## EXERCISE REQUIREMENTS
Gather every line in the records below that contains the word "Manual".

Data records:
━━━━

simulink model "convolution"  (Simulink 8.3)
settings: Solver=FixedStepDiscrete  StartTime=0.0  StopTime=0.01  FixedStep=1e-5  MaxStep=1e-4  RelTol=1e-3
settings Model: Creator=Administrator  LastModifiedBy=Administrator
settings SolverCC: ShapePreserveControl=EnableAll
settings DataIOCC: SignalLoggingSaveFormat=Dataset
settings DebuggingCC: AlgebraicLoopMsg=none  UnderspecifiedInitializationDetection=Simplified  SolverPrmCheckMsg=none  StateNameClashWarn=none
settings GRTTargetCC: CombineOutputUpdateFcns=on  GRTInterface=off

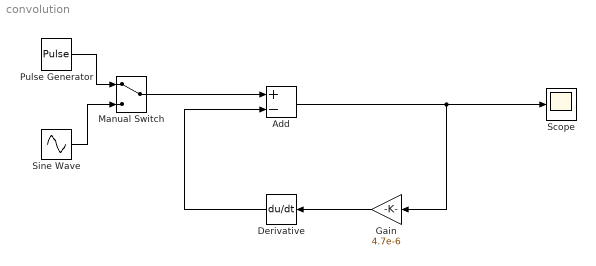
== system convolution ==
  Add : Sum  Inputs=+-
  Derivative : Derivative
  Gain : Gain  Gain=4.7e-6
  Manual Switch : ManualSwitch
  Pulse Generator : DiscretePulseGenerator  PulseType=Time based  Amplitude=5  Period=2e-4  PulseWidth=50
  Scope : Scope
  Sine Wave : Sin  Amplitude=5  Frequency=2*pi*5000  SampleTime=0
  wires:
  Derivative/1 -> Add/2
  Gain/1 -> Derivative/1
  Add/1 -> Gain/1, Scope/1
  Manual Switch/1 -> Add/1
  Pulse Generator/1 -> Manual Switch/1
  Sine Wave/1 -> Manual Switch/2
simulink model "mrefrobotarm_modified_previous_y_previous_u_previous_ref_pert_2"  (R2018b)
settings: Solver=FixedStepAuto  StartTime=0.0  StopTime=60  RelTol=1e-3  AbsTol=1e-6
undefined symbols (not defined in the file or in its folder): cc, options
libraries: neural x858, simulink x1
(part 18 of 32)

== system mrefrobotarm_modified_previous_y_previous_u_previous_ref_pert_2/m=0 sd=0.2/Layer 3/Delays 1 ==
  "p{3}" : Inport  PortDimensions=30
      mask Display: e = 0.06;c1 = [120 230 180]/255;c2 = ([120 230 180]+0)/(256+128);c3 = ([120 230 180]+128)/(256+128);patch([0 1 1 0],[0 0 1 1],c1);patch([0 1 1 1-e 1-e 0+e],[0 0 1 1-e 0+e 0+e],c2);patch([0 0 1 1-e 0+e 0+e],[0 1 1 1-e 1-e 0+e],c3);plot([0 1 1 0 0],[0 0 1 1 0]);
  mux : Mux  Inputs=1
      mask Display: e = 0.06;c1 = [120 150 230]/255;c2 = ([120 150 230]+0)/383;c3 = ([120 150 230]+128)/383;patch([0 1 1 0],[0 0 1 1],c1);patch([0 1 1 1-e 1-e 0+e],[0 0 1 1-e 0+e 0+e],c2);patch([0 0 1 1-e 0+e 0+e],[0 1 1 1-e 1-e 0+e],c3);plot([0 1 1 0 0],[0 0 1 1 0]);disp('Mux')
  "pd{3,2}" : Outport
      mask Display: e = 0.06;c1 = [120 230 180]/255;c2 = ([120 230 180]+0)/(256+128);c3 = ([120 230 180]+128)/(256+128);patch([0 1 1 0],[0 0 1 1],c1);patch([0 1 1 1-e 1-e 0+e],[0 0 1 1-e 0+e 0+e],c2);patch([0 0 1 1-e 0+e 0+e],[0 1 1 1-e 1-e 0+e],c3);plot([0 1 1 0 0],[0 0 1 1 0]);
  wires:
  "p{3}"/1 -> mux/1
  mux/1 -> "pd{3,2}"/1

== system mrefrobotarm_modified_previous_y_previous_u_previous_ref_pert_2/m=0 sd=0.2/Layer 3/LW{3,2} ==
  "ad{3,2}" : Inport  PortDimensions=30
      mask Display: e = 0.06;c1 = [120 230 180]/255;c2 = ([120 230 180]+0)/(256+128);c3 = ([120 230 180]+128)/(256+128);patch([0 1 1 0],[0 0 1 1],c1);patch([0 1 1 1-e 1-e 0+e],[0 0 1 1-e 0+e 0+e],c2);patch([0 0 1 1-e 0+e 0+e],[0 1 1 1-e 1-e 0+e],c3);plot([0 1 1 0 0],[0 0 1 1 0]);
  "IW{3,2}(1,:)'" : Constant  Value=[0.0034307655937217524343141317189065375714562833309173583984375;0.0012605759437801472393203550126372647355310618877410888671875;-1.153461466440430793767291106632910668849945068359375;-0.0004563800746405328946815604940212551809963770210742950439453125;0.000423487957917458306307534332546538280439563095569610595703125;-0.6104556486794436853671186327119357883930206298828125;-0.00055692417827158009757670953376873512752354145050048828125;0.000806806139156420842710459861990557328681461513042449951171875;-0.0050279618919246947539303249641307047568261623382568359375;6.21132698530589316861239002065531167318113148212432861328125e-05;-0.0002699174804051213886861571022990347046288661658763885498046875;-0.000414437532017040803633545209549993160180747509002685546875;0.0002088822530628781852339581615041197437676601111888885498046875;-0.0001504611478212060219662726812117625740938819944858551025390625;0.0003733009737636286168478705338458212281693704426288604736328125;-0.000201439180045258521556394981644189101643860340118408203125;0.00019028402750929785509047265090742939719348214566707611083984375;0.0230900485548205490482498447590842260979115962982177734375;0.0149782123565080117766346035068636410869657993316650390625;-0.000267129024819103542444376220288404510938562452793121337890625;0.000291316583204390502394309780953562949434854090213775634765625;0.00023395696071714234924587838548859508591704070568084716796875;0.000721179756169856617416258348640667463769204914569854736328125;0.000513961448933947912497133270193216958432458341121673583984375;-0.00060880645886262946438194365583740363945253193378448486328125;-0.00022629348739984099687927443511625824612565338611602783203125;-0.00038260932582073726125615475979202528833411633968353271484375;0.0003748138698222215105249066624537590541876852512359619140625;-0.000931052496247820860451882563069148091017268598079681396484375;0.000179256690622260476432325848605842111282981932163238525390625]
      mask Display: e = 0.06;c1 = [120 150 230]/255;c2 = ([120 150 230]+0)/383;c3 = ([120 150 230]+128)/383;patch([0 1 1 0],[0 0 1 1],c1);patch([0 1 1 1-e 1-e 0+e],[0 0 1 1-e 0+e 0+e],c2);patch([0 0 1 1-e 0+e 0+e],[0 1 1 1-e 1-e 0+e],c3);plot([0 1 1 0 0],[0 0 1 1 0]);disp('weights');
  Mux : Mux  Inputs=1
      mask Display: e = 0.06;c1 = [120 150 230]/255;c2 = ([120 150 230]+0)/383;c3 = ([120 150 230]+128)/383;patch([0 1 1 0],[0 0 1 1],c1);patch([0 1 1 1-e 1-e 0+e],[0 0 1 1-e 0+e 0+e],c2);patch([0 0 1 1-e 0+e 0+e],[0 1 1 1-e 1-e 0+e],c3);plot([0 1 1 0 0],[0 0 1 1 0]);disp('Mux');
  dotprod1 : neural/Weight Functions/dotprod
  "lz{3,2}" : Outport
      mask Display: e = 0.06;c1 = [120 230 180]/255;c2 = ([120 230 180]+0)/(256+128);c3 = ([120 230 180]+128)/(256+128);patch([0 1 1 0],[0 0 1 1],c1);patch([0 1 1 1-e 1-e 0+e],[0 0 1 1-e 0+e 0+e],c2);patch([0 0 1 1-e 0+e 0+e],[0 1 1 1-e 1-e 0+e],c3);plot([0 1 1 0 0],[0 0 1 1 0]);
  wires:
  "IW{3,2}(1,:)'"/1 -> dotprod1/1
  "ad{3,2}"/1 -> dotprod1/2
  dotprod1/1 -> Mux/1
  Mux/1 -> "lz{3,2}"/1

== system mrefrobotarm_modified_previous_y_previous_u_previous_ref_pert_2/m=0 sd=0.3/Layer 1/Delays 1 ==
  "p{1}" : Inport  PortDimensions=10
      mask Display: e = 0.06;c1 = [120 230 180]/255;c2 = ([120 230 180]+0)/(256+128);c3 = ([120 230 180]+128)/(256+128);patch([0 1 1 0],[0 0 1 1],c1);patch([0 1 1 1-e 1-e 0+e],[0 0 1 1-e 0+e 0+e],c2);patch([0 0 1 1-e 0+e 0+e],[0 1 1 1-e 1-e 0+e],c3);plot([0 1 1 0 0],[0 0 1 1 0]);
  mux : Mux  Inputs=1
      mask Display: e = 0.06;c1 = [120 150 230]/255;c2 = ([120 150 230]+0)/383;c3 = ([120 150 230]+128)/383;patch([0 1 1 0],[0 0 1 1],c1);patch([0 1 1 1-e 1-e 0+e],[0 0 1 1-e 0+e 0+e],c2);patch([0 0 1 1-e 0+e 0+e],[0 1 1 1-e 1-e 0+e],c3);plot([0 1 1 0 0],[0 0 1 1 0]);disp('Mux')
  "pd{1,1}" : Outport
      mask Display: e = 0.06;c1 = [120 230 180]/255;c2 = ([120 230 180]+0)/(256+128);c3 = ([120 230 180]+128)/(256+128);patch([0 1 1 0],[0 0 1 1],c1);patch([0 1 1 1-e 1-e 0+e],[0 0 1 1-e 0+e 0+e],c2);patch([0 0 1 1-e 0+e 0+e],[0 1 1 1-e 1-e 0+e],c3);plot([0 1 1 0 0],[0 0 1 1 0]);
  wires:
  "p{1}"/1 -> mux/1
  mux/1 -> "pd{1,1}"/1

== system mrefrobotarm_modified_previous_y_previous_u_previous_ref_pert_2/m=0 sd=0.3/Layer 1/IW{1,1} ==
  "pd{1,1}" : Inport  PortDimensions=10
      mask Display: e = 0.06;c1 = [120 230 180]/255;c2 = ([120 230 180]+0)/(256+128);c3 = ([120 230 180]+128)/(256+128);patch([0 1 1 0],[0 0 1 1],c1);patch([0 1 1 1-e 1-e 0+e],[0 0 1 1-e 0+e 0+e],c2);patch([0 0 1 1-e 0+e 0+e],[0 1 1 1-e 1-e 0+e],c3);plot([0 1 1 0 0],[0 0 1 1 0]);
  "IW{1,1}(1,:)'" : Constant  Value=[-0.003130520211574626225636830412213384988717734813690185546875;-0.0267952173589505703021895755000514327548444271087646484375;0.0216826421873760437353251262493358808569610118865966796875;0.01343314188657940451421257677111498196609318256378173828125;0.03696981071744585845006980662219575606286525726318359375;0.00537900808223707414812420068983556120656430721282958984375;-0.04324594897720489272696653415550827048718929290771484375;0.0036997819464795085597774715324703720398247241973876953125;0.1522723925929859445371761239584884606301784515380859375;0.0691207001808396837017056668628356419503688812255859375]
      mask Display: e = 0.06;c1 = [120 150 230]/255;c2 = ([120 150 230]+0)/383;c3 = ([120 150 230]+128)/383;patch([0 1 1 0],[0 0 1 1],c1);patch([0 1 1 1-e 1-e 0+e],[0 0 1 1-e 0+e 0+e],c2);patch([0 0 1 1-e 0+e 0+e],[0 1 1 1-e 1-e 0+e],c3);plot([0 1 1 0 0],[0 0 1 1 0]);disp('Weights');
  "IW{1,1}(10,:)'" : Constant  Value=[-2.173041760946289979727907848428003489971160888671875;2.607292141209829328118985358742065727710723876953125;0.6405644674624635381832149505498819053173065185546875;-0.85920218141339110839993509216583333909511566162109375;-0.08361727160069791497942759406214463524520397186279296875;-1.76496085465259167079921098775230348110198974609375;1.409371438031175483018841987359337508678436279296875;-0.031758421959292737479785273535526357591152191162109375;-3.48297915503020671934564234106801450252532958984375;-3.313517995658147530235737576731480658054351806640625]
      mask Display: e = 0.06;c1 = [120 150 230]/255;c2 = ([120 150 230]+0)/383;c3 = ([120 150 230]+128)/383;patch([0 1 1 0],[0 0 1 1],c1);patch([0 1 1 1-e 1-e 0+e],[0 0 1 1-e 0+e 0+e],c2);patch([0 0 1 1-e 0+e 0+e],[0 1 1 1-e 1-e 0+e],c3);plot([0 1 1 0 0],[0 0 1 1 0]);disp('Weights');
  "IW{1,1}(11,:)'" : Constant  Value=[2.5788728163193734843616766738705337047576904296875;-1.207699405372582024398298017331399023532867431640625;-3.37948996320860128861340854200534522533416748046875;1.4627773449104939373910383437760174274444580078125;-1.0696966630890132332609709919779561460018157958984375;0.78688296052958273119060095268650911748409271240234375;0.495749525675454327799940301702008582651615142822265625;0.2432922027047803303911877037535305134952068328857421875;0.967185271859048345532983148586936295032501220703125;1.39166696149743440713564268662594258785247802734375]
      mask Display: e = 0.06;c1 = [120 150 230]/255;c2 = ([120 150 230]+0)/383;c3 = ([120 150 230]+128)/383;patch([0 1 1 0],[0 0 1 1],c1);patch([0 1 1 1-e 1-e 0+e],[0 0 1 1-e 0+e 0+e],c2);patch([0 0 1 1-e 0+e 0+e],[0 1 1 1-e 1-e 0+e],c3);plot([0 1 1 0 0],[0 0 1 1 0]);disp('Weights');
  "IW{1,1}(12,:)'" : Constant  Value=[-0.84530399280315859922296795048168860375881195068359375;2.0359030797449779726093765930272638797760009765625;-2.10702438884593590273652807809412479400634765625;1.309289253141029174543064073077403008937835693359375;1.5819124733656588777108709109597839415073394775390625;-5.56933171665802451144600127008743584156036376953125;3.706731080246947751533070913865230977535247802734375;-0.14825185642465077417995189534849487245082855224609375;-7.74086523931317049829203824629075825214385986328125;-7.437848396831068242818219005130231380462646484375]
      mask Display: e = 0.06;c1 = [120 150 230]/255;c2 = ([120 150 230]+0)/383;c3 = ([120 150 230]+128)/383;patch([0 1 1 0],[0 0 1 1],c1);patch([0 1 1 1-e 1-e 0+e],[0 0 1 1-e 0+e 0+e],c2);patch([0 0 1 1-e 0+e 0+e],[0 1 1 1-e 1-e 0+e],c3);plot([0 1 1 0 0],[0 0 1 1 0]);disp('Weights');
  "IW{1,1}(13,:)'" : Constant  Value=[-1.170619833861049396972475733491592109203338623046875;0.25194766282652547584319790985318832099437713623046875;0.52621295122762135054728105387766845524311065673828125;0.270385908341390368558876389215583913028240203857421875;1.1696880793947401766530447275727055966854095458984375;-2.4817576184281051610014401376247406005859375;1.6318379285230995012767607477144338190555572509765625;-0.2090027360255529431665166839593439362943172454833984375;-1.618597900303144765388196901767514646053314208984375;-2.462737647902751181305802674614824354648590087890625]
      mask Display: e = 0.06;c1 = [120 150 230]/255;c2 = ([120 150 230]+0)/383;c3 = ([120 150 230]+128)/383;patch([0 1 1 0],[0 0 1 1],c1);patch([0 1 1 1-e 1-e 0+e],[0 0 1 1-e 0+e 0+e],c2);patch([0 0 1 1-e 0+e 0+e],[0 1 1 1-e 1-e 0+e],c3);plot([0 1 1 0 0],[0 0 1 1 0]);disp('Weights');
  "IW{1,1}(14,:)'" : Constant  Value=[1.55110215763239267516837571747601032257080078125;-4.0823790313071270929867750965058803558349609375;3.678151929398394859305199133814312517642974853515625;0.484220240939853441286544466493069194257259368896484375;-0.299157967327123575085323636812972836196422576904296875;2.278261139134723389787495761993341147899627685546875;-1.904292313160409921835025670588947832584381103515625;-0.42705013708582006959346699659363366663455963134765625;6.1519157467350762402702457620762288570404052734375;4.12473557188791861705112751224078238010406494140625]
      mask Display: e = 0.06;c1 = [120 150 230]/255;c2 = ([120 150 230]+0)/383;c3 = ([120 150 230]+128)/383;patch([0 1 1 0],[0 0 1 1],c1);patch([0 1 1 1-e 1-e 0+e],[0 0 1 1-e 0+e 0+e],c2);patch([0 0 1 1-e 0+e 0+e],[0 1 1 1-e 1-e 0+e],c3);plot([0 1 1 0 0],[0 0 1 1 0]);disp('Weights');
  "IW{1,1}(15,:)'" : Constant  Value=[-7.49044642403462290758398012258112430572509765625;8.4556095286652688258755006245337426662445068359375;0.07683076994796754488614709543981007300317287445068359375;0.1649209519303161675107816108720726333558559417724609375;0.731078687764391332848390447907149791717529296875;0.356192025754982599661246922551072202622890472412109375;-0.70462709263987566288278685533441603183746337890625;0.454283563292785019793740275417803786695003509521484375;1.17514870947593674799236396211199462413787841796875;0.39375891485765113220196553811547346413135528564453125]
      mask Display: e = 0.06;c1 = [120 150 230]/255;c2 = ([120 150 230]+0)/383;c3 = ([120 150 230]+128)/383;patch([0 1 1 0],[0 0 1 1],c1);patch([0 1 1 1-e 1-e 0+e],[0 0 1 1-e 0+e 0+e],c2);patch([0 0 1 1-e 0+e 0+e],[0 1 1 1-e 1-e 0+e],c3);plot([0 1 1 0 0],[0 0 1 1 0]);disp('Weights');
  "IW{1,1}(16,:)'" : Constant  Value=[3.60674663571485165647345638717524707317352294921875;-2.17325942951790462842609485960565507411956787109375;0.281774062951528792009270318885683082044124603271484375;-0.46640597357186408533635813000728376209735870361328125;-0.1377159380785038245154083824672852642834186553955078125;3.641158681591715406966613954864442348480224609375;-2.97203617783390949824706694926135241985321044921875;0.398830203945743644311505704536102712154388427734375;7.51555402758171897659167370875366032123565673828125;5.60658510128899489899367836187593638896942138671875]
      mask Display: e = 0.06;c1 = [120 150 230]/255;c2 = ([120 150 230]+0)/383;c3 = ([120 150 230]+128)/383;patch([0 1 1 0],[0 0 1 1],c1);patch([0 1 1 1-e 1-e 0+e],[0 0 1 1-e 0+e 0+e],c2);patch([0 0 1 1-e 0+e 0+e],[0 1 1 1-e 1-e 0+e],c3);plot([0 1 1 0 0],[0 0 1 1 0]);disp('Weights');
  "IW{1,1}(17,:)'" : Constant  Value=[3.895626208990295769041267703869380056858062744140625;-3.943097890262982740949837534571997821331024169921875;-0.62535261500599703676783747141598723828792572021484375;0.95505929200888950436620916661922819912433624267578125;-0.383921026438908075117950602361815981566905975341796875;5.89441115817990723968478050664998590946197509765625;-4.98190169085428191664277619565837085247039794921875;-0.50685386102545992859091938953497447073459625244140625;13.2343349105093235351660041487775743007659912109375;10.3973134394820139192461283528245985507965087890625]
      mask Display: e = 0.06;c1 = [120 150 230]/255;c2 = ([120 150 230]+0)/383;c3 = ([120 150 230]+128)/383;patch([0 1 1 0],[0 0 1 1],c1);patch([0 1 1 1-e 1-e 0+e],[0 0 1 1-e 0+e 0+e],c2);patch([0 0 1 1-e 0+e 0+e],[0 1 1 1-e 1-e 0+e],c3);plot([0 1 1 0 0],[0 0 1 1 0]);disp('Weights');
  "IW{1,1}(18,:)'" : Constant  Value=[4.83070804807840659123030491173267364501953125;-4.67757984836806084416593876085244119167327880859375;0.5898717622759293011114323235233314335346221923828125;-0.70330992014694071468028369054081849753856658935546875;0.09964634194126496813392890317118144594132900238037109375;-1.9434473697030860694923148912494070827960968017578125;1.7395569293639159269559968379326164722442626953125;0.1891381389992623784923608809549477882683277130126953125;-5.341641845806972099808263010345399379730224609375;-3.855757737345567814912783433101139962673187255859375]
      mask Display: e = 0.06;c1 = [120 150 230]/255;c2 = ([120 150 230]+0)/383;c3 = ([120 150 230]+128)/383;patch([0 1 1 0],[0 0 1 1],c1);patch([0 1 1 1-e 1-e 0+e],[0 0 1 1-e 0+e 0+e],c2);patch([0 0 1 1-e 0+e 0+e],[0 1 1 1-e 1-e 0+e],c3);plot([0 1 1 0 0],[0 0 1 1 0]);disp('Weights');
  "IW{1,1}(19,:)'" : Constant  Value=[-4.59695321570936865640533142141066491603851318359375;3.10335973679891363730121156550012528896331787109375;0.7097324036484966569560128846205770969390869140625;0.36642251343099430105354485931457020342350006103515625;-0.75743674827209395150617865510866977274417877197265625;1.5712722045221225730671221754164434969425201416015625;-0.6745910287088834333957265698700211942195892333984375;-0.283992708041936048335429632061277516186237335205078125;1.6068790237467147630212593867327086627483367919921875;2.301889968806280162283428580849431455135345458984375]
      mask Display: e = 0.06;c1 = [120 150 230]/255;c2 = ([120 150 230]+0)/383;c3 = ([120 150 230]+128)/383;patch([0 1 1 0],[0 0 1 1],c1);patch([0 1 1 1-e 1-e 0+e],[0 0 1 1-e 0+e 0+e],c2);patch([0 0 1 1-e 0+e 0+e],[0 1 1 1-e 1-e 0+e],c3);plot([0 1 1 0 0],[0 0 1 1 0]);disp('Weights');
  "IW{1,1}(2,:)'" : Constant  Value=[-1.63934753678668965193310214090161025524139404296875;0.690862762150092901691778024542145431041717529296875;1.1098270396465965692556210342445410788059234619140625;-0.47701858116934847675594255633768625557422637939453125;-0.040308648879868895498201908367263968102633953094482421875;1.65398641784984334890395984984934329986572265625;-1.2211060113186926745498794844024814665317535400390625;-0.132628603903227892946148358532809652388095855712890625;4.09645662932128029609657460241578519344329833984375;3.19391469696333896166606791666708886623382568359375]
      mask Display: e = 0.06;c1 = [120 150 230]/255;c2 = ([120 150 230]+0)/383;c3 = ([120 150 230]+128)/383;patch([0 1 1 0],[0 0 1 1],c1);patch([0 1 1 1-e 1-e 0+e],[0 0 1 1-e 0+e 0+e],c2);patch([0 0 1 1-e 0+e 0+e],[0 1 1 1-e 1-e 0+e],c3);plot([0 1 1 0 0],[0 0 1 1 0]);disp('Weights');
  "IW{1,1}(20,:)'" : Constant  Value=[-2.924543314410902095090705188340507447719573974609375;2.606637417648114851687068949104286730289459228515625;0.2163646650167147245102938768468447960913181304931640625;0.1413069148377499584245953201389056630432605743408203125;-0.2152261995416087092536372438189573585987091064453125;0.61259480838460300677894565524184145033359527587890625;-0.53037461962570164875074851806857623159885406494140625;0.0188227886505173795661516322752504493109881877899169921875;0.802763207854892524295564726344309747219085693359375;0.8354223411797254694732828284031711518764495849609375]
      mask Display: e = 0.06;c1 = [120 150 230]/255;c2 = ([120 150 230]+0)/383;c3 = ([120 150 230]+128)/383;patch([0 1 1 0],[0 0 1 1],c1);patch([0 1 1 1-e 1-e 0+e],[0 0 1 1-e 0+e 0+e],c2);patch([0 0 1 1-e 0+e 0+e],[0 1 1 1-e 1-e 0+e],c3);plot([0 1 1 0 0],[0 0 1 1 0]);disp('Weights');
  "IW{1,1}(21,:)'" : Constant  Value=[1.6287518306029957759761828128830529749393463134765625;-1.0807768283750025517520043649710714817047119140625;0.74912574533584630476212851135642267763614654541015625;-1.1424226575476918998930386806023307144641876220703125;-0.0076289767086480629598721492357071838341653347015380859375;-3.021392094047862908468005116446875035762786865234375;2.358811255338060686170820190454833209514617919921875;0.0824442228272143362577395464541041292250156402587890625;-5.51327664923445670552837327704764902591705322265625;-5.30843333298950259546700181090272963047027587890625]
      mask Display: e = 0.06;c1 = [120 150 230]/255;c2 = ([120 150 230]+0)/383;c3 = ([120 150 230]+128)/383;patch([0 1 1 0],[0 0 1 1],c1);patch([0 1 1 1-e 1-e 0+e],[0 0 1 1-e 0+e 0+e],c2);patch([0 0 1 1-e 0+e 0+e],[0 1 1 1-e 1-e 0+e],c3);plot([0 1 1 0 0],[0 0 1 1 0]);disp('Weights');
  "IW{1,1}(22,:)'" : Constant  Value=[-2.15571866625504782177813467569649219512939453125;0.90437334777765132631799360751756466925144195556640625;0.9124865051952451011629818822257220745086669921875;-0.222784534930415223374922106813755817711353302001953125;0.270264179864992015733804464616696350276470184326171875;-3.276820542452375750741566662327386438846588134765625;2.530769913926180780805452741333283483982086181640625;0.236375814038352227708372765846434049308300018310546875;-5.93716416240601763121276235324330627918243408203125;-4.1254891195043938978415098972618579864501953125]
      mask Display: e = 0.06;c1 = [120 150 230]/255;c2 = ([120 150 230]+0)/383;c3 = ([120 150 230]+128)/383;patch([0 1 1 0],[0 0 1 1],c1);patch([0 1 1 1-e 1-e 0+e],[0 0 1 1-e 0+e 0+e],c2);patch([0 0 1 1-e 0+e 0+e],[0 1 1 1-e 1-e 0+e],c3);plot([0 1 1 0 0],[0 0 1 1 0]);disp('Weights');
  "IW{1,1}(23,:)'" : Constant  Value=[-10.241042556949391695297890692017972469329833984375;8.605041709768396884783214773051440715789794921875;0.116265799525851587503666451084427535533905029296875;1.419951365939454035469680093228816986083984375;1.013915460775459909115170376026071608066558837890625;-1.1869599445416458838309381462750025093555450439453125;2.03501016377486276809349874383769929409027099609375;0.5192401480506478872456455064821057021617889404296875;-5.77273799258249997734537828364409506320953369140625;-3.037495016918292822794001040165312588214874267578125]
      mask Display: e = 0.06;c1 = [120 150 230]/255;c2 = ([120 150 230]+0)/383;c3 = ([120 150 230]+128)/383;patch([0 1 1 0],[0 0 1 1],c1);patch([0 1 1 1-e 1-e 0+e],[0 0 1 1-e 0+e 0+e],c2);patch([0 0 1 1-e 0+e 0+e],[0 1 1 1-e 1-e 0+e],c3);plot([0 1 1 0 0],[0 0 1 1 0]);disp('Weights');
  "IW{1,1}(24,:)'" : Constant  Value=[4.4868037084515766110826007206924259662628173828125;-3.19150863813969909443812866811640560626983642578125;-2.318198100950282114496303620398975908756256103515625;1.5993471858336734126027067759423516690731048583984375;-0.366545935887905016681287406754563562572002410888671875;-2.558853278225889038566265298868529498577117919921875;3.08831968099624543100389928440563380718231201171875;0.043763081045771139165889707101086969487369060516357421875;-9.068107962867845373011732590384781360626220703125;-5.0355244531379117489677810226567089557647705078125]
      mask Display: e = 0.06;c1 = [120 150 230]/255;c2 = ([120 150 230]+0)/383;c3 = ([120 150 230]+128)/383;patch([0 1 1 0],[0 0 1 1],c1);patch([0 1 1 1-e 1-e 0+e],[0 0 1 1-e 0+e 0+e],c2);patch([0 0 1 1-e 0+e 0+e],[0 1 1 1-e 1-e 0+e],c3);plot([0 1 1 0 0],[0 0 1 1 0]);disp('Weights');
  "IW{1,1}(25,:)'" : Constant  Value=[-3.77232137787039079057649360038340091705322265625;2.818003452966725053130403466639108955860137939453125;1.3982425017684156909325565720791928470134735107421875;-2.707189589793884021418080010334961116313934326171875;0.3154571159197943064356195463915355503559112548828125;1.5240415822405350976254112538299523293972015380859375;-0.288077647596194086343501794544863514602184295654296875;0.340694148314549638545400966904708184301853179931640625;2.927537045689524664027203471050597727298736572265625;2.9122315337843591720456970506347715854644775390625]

━━━━

## RESULT
  Manual Switch : ManualSwitch
  Manual Switch/1 -> Add/1
  Pulse Generator/1 -> Manual Switch/1
  Sine Wave/1 -> Manual Switch/2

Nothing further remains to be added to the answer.